◆ WORK REQUEST ◆
Below are some entries. Repeat exactly the lines from the one with "#256=EDGE_CURVE('E497',#253,#255,#251,.T.);" through the one with "#282=ADVANCED_FACE('F305',(#236,#247,#281),#225,.F.);", and only those.

◆ GIVEN ENTRIES ◆
--------------------------------------------------

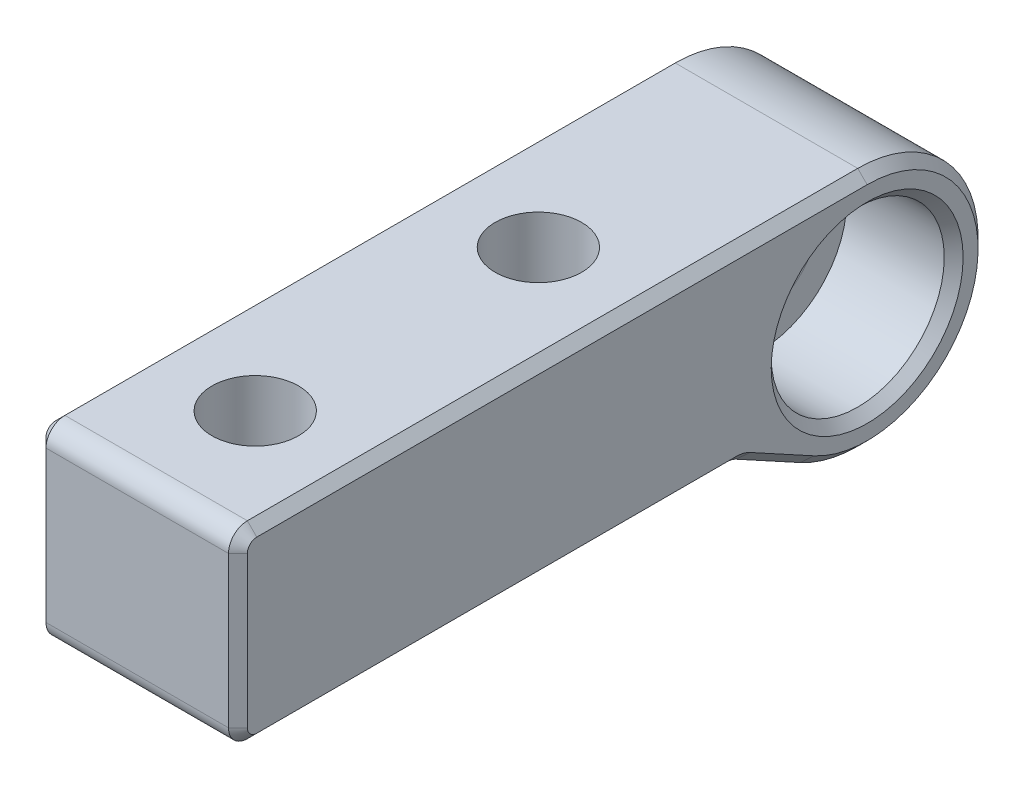
ISO-10303-21;
HEADER;
FILE_DESCRIPTION(('STEP AP214'),'2;1');
FILE_NAME('part.step','',(''),(''),'','','');
FILE_SCHEMA(('AUTOMOTIVE_DESIGN { 1 0 10303 214 1 1 1 1 }'));
ENDSEC;
DATA;
#1=APPLICATION_CONTEXT('core data for automotive mechanical design processes');
#2=APPLICATION_PROTOCOL_DEFINITION('international standard','automotive_design',2000,#1);
#3=PRODUCT_CONTEXT('',#1,'mechanical');
#4=PRODUCT('Part','Part','',(#3));
#5=PRODUCT_RELATED_PRODUCT_CATEGORY('part','',(#4));
#6=PRODUCT_DEFINITION_FORMATION('','',#4);
#7=PRODUCT_DEFINITION_CONTEXT('part definition',#1,'design');
#8=PRODUCT_DEFINITION('design','',#6,#7);
#9=PRODUCT_DEFINITION_SHAPE('','',#8);
#10=(LENGTH_UNIT() NAMED_UNIT(*) SI_UNIT(.MILLI.,.METRE.));
#11=(NAMED_UNIT(*) PLANE_ANGLE_UNIT() SI_UNIT($,.RADIAN.));
#12=(NAMED_UNIT(*) SI_UNIT($,.STERADIAN.) SOLID_ANGLE_UNIT());
#13=UNCERTAINTY_MEASURE_WITH_UNIT(LENGTH_MEASURE(1.E-05),#10,'distance_accuracy_value','');
#14=(GEOMETRIC_REPRESENTATION_CONTEXT(3) GLOBAL_UNCERTAINTY_ASSIGNED_CONTEXT((#13)) GLOBAL_UNIT_ASSIGNED_CONTEXT((#10,
#11,#12)) REPRESENTATION_CONTEXT('',''));
#15=CARTESIAN_POINT('',(0.,0.,0.));
#16=DIRECTION('',(0.,0.,1.));
#17=DIRECTION('',(1.,0.,0.));
#18=AXIS2_PLACEMENT_3D('',#15,#16,#17);
#19=CARTESIAN_POINT('',(12.8,0.,0.));
#20=DIRECTION('',(-1.,0.,0.));
#21=DIRECTION('',(0.,0.,1.));
#22=AXIS2_PLACEMENT_3D('',#19,#20,#21);
#23=CYLINDRICAL_SURFACE('',#22,3.15);
#24=CARTESIAN_POINT('',(5.5,0.,0.));
#25=DIRECTION('',(1.,0.,0.));
#26=DIRECTION('',(0.,0.,-1.));
#27=AXIS2_PLACEMENT_3D('',#24,#25,#26);
#28=CIRCLE('',#27,3.15);
#29=CARTESIAN_POINT('',(5.5,0.,-3.15));
#30=VERTEX_POINT('',#29);
#31=EDGE_CURVE('E45',#30,#30,#28,.T.);
#32=ORIENTED_EDGE('',*,*,#31,.T.);
#33=EDGE_LOOP('',(#32));
#34=FACE_BOUND('',#33,.T.);
#35=CARTESIAN_POINT('',(0.599999999999998,0.,0.));
#36=DIRECTION('',(1.,0.,0.));
#37=DIRECTION('',(0.,0.,-1.));
#38=AXIS2_PLACEMENT_3D('',#35,#36,#37);
#39=CIRCLE('',#38,3.15);
#40=CARTESIAN_POINT('',(0.599999999999998,0.,-3.15));
#41=VERTEX_POINT('',#40);
#42=EDGE_CURVE('E180',#41,#41,#39,.F.);
#43=ORIENTED_EDGE('',*,*,#42,.T.);
#44=EDGE_LOOP('',(#43));
#45=FACE_BOUND('',#44,.T.);
#46=ADVANCED_FACE('F37',(#34,#45),#23,.F.);
#47=CARTESIAN_POINT('',(12.8,0.,0.));
#48=DIRECTION('',(1.,0.,0.));
#49=DIRECTION('',(0.,0.,-1.));
#50=AXIS2_PLACEMENT_3D('',#47,#48,#49);
#51=PLANE('',#50);
#52=DIRECTION('',(0.,-0.478912057387349,-0.877862882965795));
#53=VECTOR('',#52,1.);
#54=CARTESIAN_POINT('',(12.8,-6.18893332490886,3.37633000458081));
#55=LINE('',#54,#53);
#56=CARTESIAN_POINT('',(12.8,-3.96984681066158,7.44399473529363));
#57=VERTEX_POINT('',#56);
#58=CARTESIAN_POINT('',(12.8,-6.18893332490886,3.37633000458081));
#59=VERTEX_POINT('',#58);
#60=EDGE_CURVE('E52',#57,#59,#55,.T.);
#61=ORIENTED_EDGE('',*,*,#60,.T.);
#62=CARTESIAN_POINT('',(12.8,0.,0.));
#63=DIRECTION('',(1.,0.,0.));
#64=DIRECTION('',(0.,0.,-1.));
#65=AXIS2_PLACEMENT_3D('',#62,#63,#64);
#66=CIRCLE('',#65,7.05);
#67=CARTESIAN_POINT('',(12.8,7.05,0.));
#68=VERTEX_POINT('',#67);
#69=EDGE_CURVE('E235',#59,#68,#66,.T.);
#70=ORIENTED_EDGE('',*,*,#69,.T.);
#71=DIRECTION('',(0.,0.,1.));
#72=VECTOR('',#71,1.);
#73=CARTESIAN_POINT('',(12.8,7.05,38.8));
#74=LINE('',#73,#72);
#75=CARTESIAN_POINT('',(12.8,7.05,38.8));
#76=VERTEX_POINT('',#75);
#77=EDGE_CURVE('E223',#68,#76,#74,.T.);
#78=ORIENTED_EDGE('',*,*,#77,.T.);
#79=CARTESIAN_POINT('',(12.8,6.44999999999999,38.8));
#80=DIRECTION('',(1.,0.,0.));
#81=DIRECTION('',(0.,0.,-1.));
#82=AXIS2_PLACEMENT_3D('',#79,#80,#81);
#83=CIRCLE('',#82,0.600000000000003);
#84=CARTESIAN_POINT('',(12.8,6.44999999999999,39.4));
#85=VERTEX_POINT('',#84);
#86=EDGE_CURVE('E225',#76,#85,#83,.T.);
#87=ORIENTED_EDGE('',*,*,#86,.T.);
#88=DIRECTION('',(0.,-1.,0.));
#89=VECTOR('',#88,1.);
#90=CARTESIAN_POINT('',(12.8,-3.15000000000001,39.4));
#91=LINE('',#90,#89);
#92=CARTESIAN_POINT('',(12.8,-3.15000000000001,39.4));
#93=VERTEX_POINT('',#92);
#94=EDGE_CURVE('E227',#85,#93,#91,.T.);
#95=ORIENTED_EDGE('',*,*,#94,.T.);
#96=CARTESIAN_POINT('',(12.8,-3.15000000000001,38.8));
#97=DIRECTION('',(1.,0.,0.));
#98=DIRECTION('',(0.,0.,-1.));
#99=AXIS2_PLACEMENT_3D('',#96,#97,#98);
#100=CIRCLE('',#99,0.600000000000003);
#101=CARTESIAN_POINT('',(12.8,-3.75000000000001,38.8));
#102=VERTEX_POINT('',#101);
#103=EDGE_CURVE('E229',#93,#102,#100,.T.);
#104=ORIENTED_EDGE('',*,*,#103,.T.);
#105=DIRECTION('',(0.,0.,-1.));
#106=VECTOR('',#105,1.);
#107=CARTESIAN_POINT('',(12.8,-3.75000000000001,8.30603643859086));
#108=LINE('',#107,#106);
#109=CARTESIAN_POINT('',(12.8,-3.75000000000001,8.30603643859086));
#110=VERTEX_POINT('',#109);
#111=EDGE_CURVE('E231',#102,#110,#108,.T.);
#112=ORIENTED_EDGE('',*,*,#111,.T.);
#113=CARTESIAN_POINT('',(12.8,-5.55,8.30603643859086));
#114=DIRECTION('',(1.,0.,0.));
#115=DIRECTION('',(0.,0.,-1.));
#116=AXIS2_PLACEMENT_3D('',#113,#114,#115);
#117=CIRCLE('',#116,1.8);
#118=EDGE_CURVE('E57',#110,#57,#117,.F.);
#119=ORIENTED_EDGE('',*,*,#118,.T.);
#120=EDGE_LOOP('',(#61,#70,#78,#87,#95,#104,#112,#119));
#121=FACE_BOUND('',#120,.T.);
#122=CARTESIAN_POINT('',(12.8,0.,0.));
#123=DIRECTION('',(1.,0.,0.));
#124=DIRECTION('',(0.,0.,-1.));
#125=AXIS2_PLACEMENT_3D('',#122,#123,#124);
#126=CIRCLE('',#125,6.10000000000001);
#127=CARTESIAN_POINT('',(12.8,0.,-6.10000000000001));
#128=VERTEX_POINT('',#127);
#129=EDGE_CURVE('E220',#128,#128,#126,.F.);
#130=ORIENTED_EDGE('',*,*,#129,.T.);
#131=EDGE_LOOP('',(#130));
#132=FACE_BOUND('',#131,.T.);
#133=ADVANCED_FACE('F293',(#121,#132),#51,.T.);
#134=CARTESIAN_POINT('',(0.,0.,0.));
#135=DIRECTION('',(1.,0.,0.));
#136=DIRECTION('',(0.,0.,-1.));
#137=AXIS2_PLACEMENT_3D('',#134,#135,#136);
#138=PLANE('',#137);
#139=CARTESIAN_POINT('',(0.,0.,0.));
#140=DIRECTION('',(1.,0.,0.));
#141=DIRECTION('',(0.,0.,-1.));
#142=AXIS2_PLACEMENT_3D('',#139,#140,#141);
#143=CIRCLE('',#142,3.75);
#144=CARTESIAN_POINT('',(0.,0.,-3.75));
#145=VERTEX_POINT('',#144);
#146=EDGE_CURVE('E177',#145,#145,#143,.T.);
#147=ORIENTED_EDGE('',*,*,#146,.T.);
#148=EDGE_LOOP('',(#147));
#149=FACE_BOUND('',#148,.T.);
#150=DIRECTION('',(0.,0.,1.));
#151=VECTOR('',#150,1.);
#152=CARTESIAN_POINT('',(0.,-3.75,0.));
#153=LINE('',#152,#151);
#154=CARTESIAN_POINT('',(0.,-3.75,8.30603643859086));
#155=VERTEX_POINT('',#154);
#156=CARTESIAN_POINT('',(0.,-3.75,38.8));
#157=VERTEX_POINT('',#156);
#158=EDGE_CURVE('E175',#155,#157,#153,.T.);
#159=ORIENTED_EDGE('',*,*,#158,.T.);
#160=CARTESIAN_POINT('',(0.,-3.15000000000001,38.8));
#161=DIRECTION('',(1.,0.,0.));
#162=DIRECTION('',(0.,0.,-1.));
#163=AXIS2_PLACEMENT_3D('',#160,#161,#162);
#164=CIRCLE('',#163,0.599999999999996);
#165=CARTESIAN_POINT('',(0.,-3.15000000000001,39.4));
#166=VERTEX_POINT('',#165);
#167=EDGE_CURVE('E155',#157,#166,#164,.F.);
#168=ORIENTED_EDGE('',*,*,#167,.T.);
#169=DIRECTION('',(0.,1.,0.));
#170=VECTOR('',#169,1.);
#171=CARTESIAN_POINT('',(0.,0.,39.4));
#172=LINE('',#171,#170);
#173=CARTESIAN_POINT('',(0.,6.44999999999999,39.4));
#174=VERTEX_POINT('',#173);
#175=EDGE_CURVE('E164',#166,#174,#172,.T.);
#176=ORIENTED_EDGE('',*,*,#175,.T.);
#177=CARTESIAN_POINT('',(0.,6.44999999999999,38.8));
#178=DIRECTION('',(1.,0.,0.));
#179=DIRECTION('',(0.,0.,-1.));
#180=AXIS2_PLACEMENT_3D('',#177,#178,#179);
#181=CIRCLE('',#180,0.599999999999996);
#182=CARTESIAN_POINT('',(0.,7.04999999999999,38.8));
#183=VERTEX_POINT('',#182);
#184=EDGE_CURVE('E170',#174,#183,#181,.F.);
#185=ORIENTED_EDGE('',*,*,#184,.T.);
#186=DIRECTION('',(0.,0.,-1.));
#187=VECTOR('',#186,1.);
#188=CARTESIAN_POINT('',(0.,7.05,0.));
#189=LINE('',#188,#187);
#190=CARTESIAN_POINT('',(0.,7.05,0.));
#191=VERTEX_POINT('',#190);
#192=EDGE_CURVE('E481',#183,#191,#189,.T.);
#193=ORIENTED_EDGE('',*,*,#192,.T.);
#194=CARTESIAN_POINT('',(0.,0.,0.));
#195=DIRECTION('',(1.,0.,0.));
#196=DIRECTION('',(0.,0.,-1.));
#197=AXIS2_PLACEMENT_3D('',#194,#195,#196);
#198=CIRCLE('',#197,7.05);
#199=CARTESIAN_POINT('',(0.,-6.18893332490885,3.37633000458081));
#200=VERTEX_POINT('',#199);
#201=EDGE_CURVE('E483',#191,#200,#198,.F.);
#202=ORIENTED_EDGE('',*,*,#201,.T.);
#203=DIRECTION('',(0.,0.478912057387349,0.877862882965795));
#204=VECTOR('',#203,1.);
#205=CARTESIAN_POINT('',(0.,-6.18893332490885,3.37633000458081));
#206=LINE('',#205,#204);
#207=CARTESIAN_POINT('',(0.,-3.96984681066157,7.44399473529363));
#208=VERTEX_POINT('',#207);
#209=EDGE_CURVE('E485',#200,#208,#206,.T.);
#210=ORIENTED_EDGE('',*,*,#209,.T.);
#211=CARTESIAN_POINT('',(0.,-5.55,8.30603643859086));
#212=DIRECTION('',(1.,0.,0.));
#213=DIRECTION('',(0.,0.,-1.));
#214=AXIS2_PLACEMENT_3D('',#211,#212,#213);
#215=CIRCLE('',#214,1.8);
#216=EDGE_CURVE('E182',#208,#155,#215,.T.);
#217=ORIENTED_EDGE('',*,*,#216,.T.);
#218=EDGE_LOOP('',(#159,#168,#176,#185,#193,#202,#210,#217));
#219=FACE_BOUND('',#218,.T.);
#220=ADVANCED_FACE('F173',(#149,#219),#138,.F.);
#221=CARTESIAN_POINT('',(12.8,-4.35,8.));
#222=DIRECTION('',(0.,1.,0.));
#223=DIRECTION('',(0.,0.,1.));
#224=AXIS2_PLACEMENT_3D('',#221,#222,#223);
#225=PLANE('',#224);
#226=CARTESIAN_POINT('',(6.4,-4.35,14.5));
#227=DIRECTION('',(0.,-1.,0.));
#228=DIRECTION('',(0.,0.,-1.));
#229=AXIS2_PLACEMENT_3D('',#226,#227,#228);
#230=CIRCLE('',#229,5.);
#231=CARTESIAN_POINT('',(6.4,-4.35,9.5));
#232=VERTEX_POINT('',#231);
#233=EDGE_CURVE('E531',#232,#232,#230,.T.);
#234=ORIENTED_EDGE('',*,*,#233,.F.);
#235=EDGE_LOOP('',(#234));
#236=FACE_BOUND('',#235,.T.);
#237=CARTESIAN_POINT('',(6.4,-4.35000000000001,32.5));
#238=DIRECTION('',(0.,-1.,0.));
#239=DIRECTION('',(0.,0.,-1.));
#240=AXIS2_PLACEMENT_3D('',#237,#238,#239);
#241=CIRCLE('',#240,5.);
#242=CARTESIAN_POINT('',(6.4,-4.35000000000001,27.5));
#243=VERTEX_POINT('',#242);
#244=EDGE_CURVE('E519',#243,#243,#241,.T.);
#245=ORIENTED_EDGE('',*,*,#244,.F.);
#246=EDGE_LOOP('',(#245));
#247=FACE_BOUND('',#246,.T.);
#248=DIRECTION('',(-1.,0.,0.));
#249=VECTOR('',#248,1.);
#250=CARTESIAN_POINT('',(12.8,-4.35000000000001,38.8));
#251=LINE('',#250,#249);
#252=CARTESIAN_POINT('',(12.2,-4.35000000000001,38.8));
#253=VERTEX_POINT('',#252);
#254=CARTESIAN_POINT('',(0.600000000000003,-4.35000000000001,38.8));
#255=VERTEX_POINT('',#254);
#256=EDGE_CURVE('E497',#253,#255,#251,.T.);
#257=ORIENTED_EDGE('',*,*,#256,.T.);
#258=DIRECTION('',(0.,0.,-1.));
#259=VECTOR('',#258,1.);
#260=CARTESIAN_POINT('',(0.600000000000003,-4.35,8.));
#261=LINE('',#260,#259);
#262=CARTESIAN_POINT('',(0.600000000000003,-4.35,8.30603643859086));
#263=VERTEX_POINT('',#262);
#264=EDGE_CURVE('E193',#255,#263,#261,.T.);
#265=ORIENTED_EDGE('',*,*,#264,.T.);
#266=DIRECTION('',(-1.,0.,0.));
#267=VECTOR('',#266,1.);
#268=CARTESIAN_POINT('',(12.8,-4.35,8.30603643859086));
#269=LINE('',#268,#267);
#270=CARTESIAN_POINT('',(12.2,-4.35,8.30603643859086));
#271=VERTEX_POINT('',#270);
#272=EDGE_CURVE('E476',#263,#271,#269,.F.);
#273=ORIENTED_EDGE('',*,*,#272,.T.);
#274=DIRECTION('',(0.,0.,1.));
#275=VECTOR('',#274,1.);
#276=CARTESIAN_POINT('',(12.2,-4.35000000000001,38.8));
#277=LINE('',#276,#275);
#278=EDGE_CURVE('E191',#271,#253,#277,.T.);
#279=ORIENTED_EDGE('',*,*,#278,.T.);
#280=EDGE_LOOP('',(#257,#265,#273,#279));
#281=FACE_BOUND('',#280,.T.);
#282=ADVANCED_FACE('F305',(#236,#247,#281),#225,.F.);
#283=CARTESIAN_POINT('',(12.8,-4.35,8.));
#284=DIRECTION('',(0.,0.877862882965795,-0.478912057387349));
#285=DIRECTION('',(0.,0.478912057387349,0.877862882965795));
#286=AXIS2_PLACEMENT_3D('',#283,#284,#285);
#287=PLANE('',#286);
#288=DIRECTION('',(-1.,0.,0.));
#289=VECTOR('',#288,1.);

--------------------------------------------------

◆ TASK RESULT ◆
#256=EDGE_CURVE('E497',#253,#255,#251,.T.);
#257=ORIENTED_EDGE('',*,*,#256,.T.);
#258=DIRECTION('',(0.,0.,-1.));
#259=VECTOR('',#258,1.);
#260=CARTESIAN_POINT('',(0.600000000000003,-4.35,8.));
#261=LINE('',#260,#259);
#262=CARTESIAN_POINT('',(0.600000000000003,-4.35,8.30603643859086));
#263=VERTEX_POINT('',#262);
#264=EDGE_CURVE('E193',#255,#263,#261,.T.);
#265=ORIENTED_EDGE('',*,*,#264,.T.);
#266=DIRECTION('',(-1.,0.,0.));
#267=VECTOR('',#266,1.);
#268=CARTESIAN_POINT('',(12.8,-4.35,8.30603643859086));
#269=LINE('',#268,#267);
#270=CARTESIAN_POINT('',(12.2,-4.35,8.30603643859086));
#271=VERTEX_POINT('',#270);
#272=EDGE_CURVE('E476',#263,#271,#269,.F.);
#273=ORIENTED_EDGE('',*,*,#272,.T.);
#274=DIRECTION('',(0.,0.,1.));
#275=VECTOR('',#274,1.);
#276=CARTESIAN_POINT('',(12.2,-4.35000000000001,38.8));
#277=LINE('',#276,#275);
#278=EDGE_CURVE('E191',#271,#253,#277,.T.);
#279=ORIENTED_EDGE('',*,*,#278,.T.);
#280=EDGE_LOOP('',(#257,#265,#273,#279));
#281=FACE_BOUND('',#280,.T.);
#282=ADVANCED_FACE('F305',(#236,#247,#281),#225,.F.);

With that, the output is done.